Ryan was shocked that her anecdote provoked outrage – she got on with the guy! She also wanted to go home early. But it exposed something wider: a deliberate absolutism around sex, a sense that the cost of the #MeToo movement was performed chastity. “I’ve always found this interesting, in discussions about sex, consent and exploitation, the people who don’t understand the nuance of it. Therefore if this is abuse, why isn’t that abuse?” She mentions the linking of certain remarks to lyrics in popular music. “Some individuals said: ‘Well, how’s that dissimilar?’ I thought: ‘How is it comparable?’”

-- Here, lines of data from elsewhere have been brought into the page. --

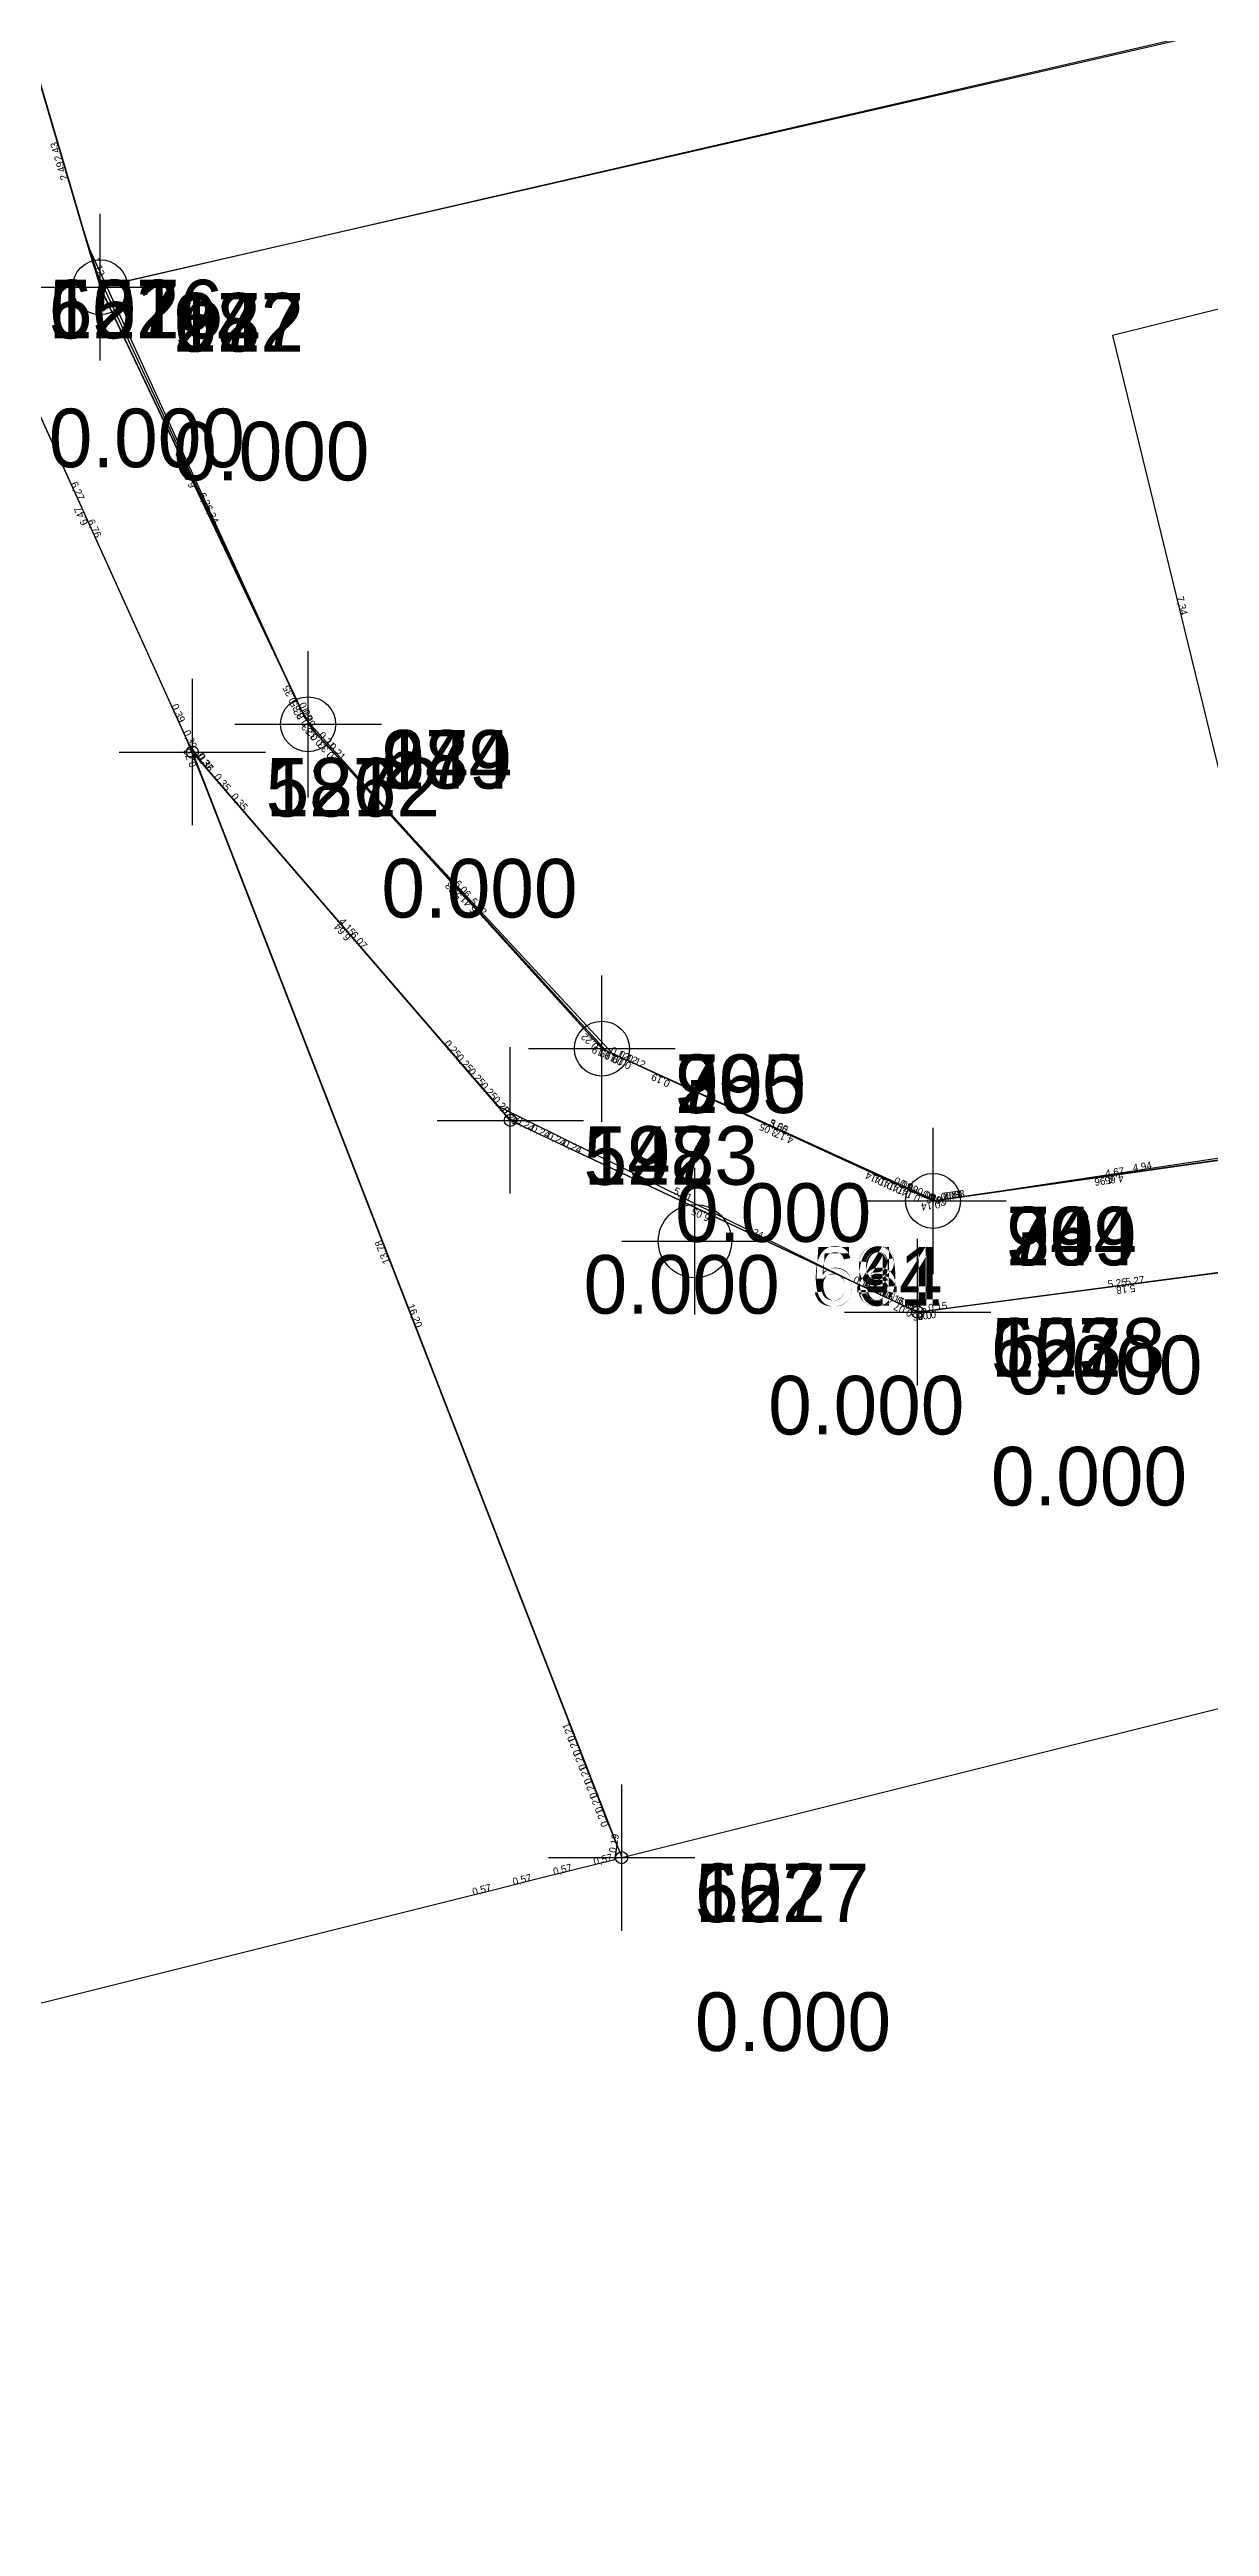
# Model space of a CAD drawing. Header units: metres. Extents: x 581016 to 32581287, y 5319908 to 5321142.
# Drawn here: x 581120.94 to 581136.77, y 5320137.3 to 5320171.13 of the extents above; entities that cross this region are included whole.
import ezdxf
from ezdxf.enums import TextEntityAlignment as Align

# ---------------------------------------------------------------- set-up
doc = ezdxf.new("R2010")
doc.units = ezdxf.units.M
doc.header["$PDMODE"] = 2
doc.header["$PDSIZE"] = 1
for name, color, linetype in [('EdgeLengths', 7, 'Continuous'), ('Flurstuecksgrenzedxf', 7, 'Continuous'), ('Gebaeudeumrissliniedxf', 7, 'Continuous'), ('Grenzpunktdxf', 7, 'Continuous'), ('Grenzpunktunabgemarktdxf', 7, 'Continuous'), ('PointHeights', 7, 'Continuous'), ('PointNames', 7, 'Continuous'), ('UmringPStrassenverkehrdxf', 7, 'Continuous'), ('UmringPWohnbauFldxf', 7, 'Continuous'), ('UmringspolygonWegdxf', 7, 'Continuous'), ('Versicherungspunktdxf', 7, 'Continuous')]:
    doc.layers.add(name, color=color, linetype=linetype)

msp = doc.modelspace()

# ---------------------------------------------------------------- linework, layer by layer
at = {"layer": 'Flurstuecksgrenzedxf', "color": 178}
for points in [[(581113.92, 5320194.14), (581121.63, 5320167.88), (581152.833, 5320175.086), (581153.039, 5320175.134), (581153.246, 5320175.182), (581153.453, 5320175.23), (581153.659, 5320175.277), (581153.866, 5320175.325), (581154.072, 5320175.373), (581154.279, 5320175.42), (581154.486, 5320175.468), (581154.692, 5320175.516), (581154.847, 5320175.528), (581154.872, 5320175.45), (581154.897, 5320175.373), (581154.922, 5320175.296), (581158.83, 5320163.11)], [(581113.92, 5320194.14), (581121.63, 5320167.88), (581152.833, 5320175.086), (581153.039, 5320175.134), (581153.246, 5320175.182), (581153.453, 5320175.23), (581153.659, 5320175.277), (581153.866, 5320175.325), (581154.072, 5320175.373), (581154.279, 5320175.42), (581154.486, 5320175.468), (581154.692, 5320175.516), (581154.847, 5320175.528), (581154.872, 5320175.45), (581154.897, 5320175.373), (581154.922, 5320175.296), (581158.83, 5320163.11)], [(581154.858, 5320175.495), (581121.63, 5320167.88), (581124.319, 5320162.228), (581124.356, 5320162.149), (581124.394, 5320162.069), (581124.432, 5320161.99), (581128.48, 5320157.48), (581133.033, 5320155.405), (581133.065, 5320155.409), (581133.098, 5320155.414), (581133.131, 5320155.419), (581133.164, 5320155.423), (581133.196, 5320155.428), (581133.229, 5320155.433), (581133.262, 5320155.437), (581133.295, 5320155.442), (581138.174, 5320156.18)], [(581154.858, 5320175.495), (581121.63, 5320167.88), (581124.319, 5320162.228), (581124.356, 5320162.149), (581124.394, 5320162.069), (581124.432, 5320161.99), (581128.48, 5320157.48), (581133.033, 5320155.405), (581133.065, 5320155.409), (581133.098, 5320155.414), (581133.131, 5320155.419), (581133.164, 5320155.423), (581133.196, 5320155.428), (581133.229, 5320155.433), (581133.262, 5320155.437), (581133.295, 5320155.442), (581138.174, 5320156.18)], [(581137.91, 5320156.1), (581133, 5320155.4), (581129.212, 5320157.143), (581129.04, 5320157.222), (581128.867, 5320157.302), (581128.695, 5320157.381), (581128.523, 5320157.46), (581128.365, 5320157.607), (581124.791, 5320161.556), (581124.577, 5320161.792), (581124.394, 5320162.069), (581124.243, 5320162.388), (581121.459, 5320168.464), (581120.773, 5320170.798)], [(581137.91, 5320156.1), (581133, 5320155.4), (581129.212, 5320157.143), (581129.04, 5320157.222), (581128.867, 5320157.302), (581128.695, 5320157.381), (581128.523, 5320157.46), (581128.365, 5320157.607), (581124.791, 5320161.556), (581124.577, 5320161.792), (581124.394, 5320162.069), (581124.243, 5320162.388), (581121.459, 5320168.464), (581120.773, 5320170.798)], [(581092.255, 5320137.296), (581126.449, 5320145.854), (581127, 5320145.992), (581127.552, 5320146.13), (581128.103, 5320146.268), (581128.655, 5320146.406), (581128.687, 5320146.591), (581128.612, 5320146.786), (581128.536, 5320146.98), (581128.461, 5320147.175), (581128.385, 5320147.37), (581128.31, 5320147.564), (581128.234, 5320147.759), (581128.159, 5320147.953), (581128.083, 5320148.148), (581123.098, 5320160.993), (581122.804, 5320161.719), (581120.134, 5320167.61)], [(581092.255, 5320137.296), (581126.449, 5320145.854), (581127, 5320145.992), (581127.552, 5320146.13), (581128.103, 5320146.268), (581128.655, 5320146.406), (581128.687, 5320146.591), (581128.612, 5320146.786), (581128.536, 5320146.98), (581128.461, 5320147.175), (581128.385, 5320147.37), (581128.31, 5320147.564), (581128.234, 5320147.759), (581128.159, 5320147.953), (581128.083, 5320148.148), (581123.098, 5320160.993), (581122.804, 5320161.719), (581120.134, 5320167.61)], [(581120.062, 5320167.77), (581122.851, 5320161.617), (581123.064, 5320161.329), (581123.295, 5320161.061), (581123.527, 5320160.792), (581126.238, 5320157.65), (581126.403, 5320157.458), (581126.569, 5320157.266), (581126.734, 5320157.075), (581126.899, 5320156.883), (581127.065, 5320156.692), (581131.826, 5320154.334), (581131.975, 5320154.264), (581132.123, 5320154.194), (581132.271, 5320154.125), (581132.419, 5320154.055), (581132.568, 5320153.985), (581132.716, 5320153.915), (581132.866, 5320153.89), (581133.018, 5320153.91), (581138.246, 5320154.597)], [(581120.062, 5320167.77), (581122.851, 5320161.617), (581123.064, 5320161.329), (581123.295, 5320161.061), (581123.527, 5320160.792), (581126.238, 5320157.65), (581126.403, 5320157.458), (581126.569, 5320157.266), (581126.734, 5320157.075), (581126.899, 5320156.883), (581127.065, 5320156.692), (581131.826, 5320154.334), (581131.975, 5320154.264), (581132.123, 5320154.194), (581132.271, 5320154.125), (581132.419, 5320154.055), (581132.568, 5320153.985), (581132.716, 5320153.915), (581132.866, 5320153.89), (581133.018, 5320153.91), (581138.246, 5320154.597)], [(581138.322, 5320154.607), (581133.186, 5320153.932), (581133.125, 5320153.924), (581133.064, 5320153.916), (581133.003, 5320153.908), (581132.942, 5320153.9), (581132.881, 5320153.892), (581132.82, 5320153.884), (581132.76, 5320153.894), (581132.701, 5320153.922), (581127.23, 5320156.5), (581122.89, 5320161.53), (581128.75, 5320146.43), (581181.13, 5320159.52)], [(581138.322, 5320154.607), (581133.186, 5320153.932), (581133.125, 5320153.924), (581133.064, 5320153.916), (581133.003, 5320153.908), (581132.942, 5320153.9), (581132.881, 5320153.892), (581132.82, 5320153.884), (581132.76, 5320153.894), (581132.701, 5320153.922), (581127.23, 5320156.5), (581122.89, 5320161.53), (581128.75, 5320146.43), (581181.13, 5320159.52)]]:
    msp.add_lwpolyline(points, dxfattribs=at)
at = {"layer": 'Gebaeudeumrissliniedxf', "color": 178}
msp.add_lwpolyline([(581145.553, 5320169.726), (581135.45, 5320167.22), (581137.19, 5320160.09)], dxfattribs=at)
msp.add_lwpolyline([(581145.553, 5320169.726), (581135.45, 5320167.22), (581137.19, 5320160.09)], dxfattribs=at)
at = {"layer": 'Grenzpunktdxf', "color": 178}
for centre in [(581121.63, 5320167.88), (581121.63, 5320167.88), (581121.63, 5320167.88), (581121.63, 5320167.88), (581124.47, 5320161.91), (581124.47, 5320161.91), (581124.47, 5320161.91), (581124.47, 5320161.91), (581128.48, 5320157.48), (581128.48, 5320157.48), (581128.48, 5320157.48), (581128.48, 5320157.48), (581133, 5320155.4), (581133, 5320155.4), (581133, 5320155.4), (581133, 5320155.4)]:
    msp.add_circle(centre, 0.375, dxfattribs=at)
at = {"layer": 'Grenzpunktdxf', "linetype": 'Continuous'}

She would never have moved to London in 2008 had it not been for her then boyfriend. “Everyone said: ‘Don’t go to London, they have vermin there.’ And I hated it, because I was instantly poor.”

‘I knew I had material’

She got a job in retail, was diagnosed an autoimmune condition, which can sometimes make it difficult to get pregnant, and at 23, decided to try to have a baby. “When you’re first diagnosed something – I was quite ill at the time – you go to the darkest possibility. My logic with my boyfriend was, we’ve had so many ups and downs, if we haven't separated by now, we never will. Now I see how lengthy life is, and how many things can transform. But at 23, I couldn’t see it.” She was able to get pregnant and had Violet.

The next bit sounds as high-pressure as a tense comedy film. While on parental leave, she would take care of Violet in the day and try to make her way in performance in the evening, carrying her daughter with her. She felt from her sales job that she had no problem persuading others, and she had faith in her quickfire wit from her time at Hooters; more than that, she says bluntly, “I felt sure I had jokes.” The whole industry was shot through with bias – she won a prestigious comedy award in 2008, just over a year after she’d started performing, a prize that was created in the context of a ongoing debate about whether women could be funny

Alyssa Silva
Alyssa Silva

Elara is an experienced editor and novelist passionate about helping new writers find their voice and navigate the publishing world.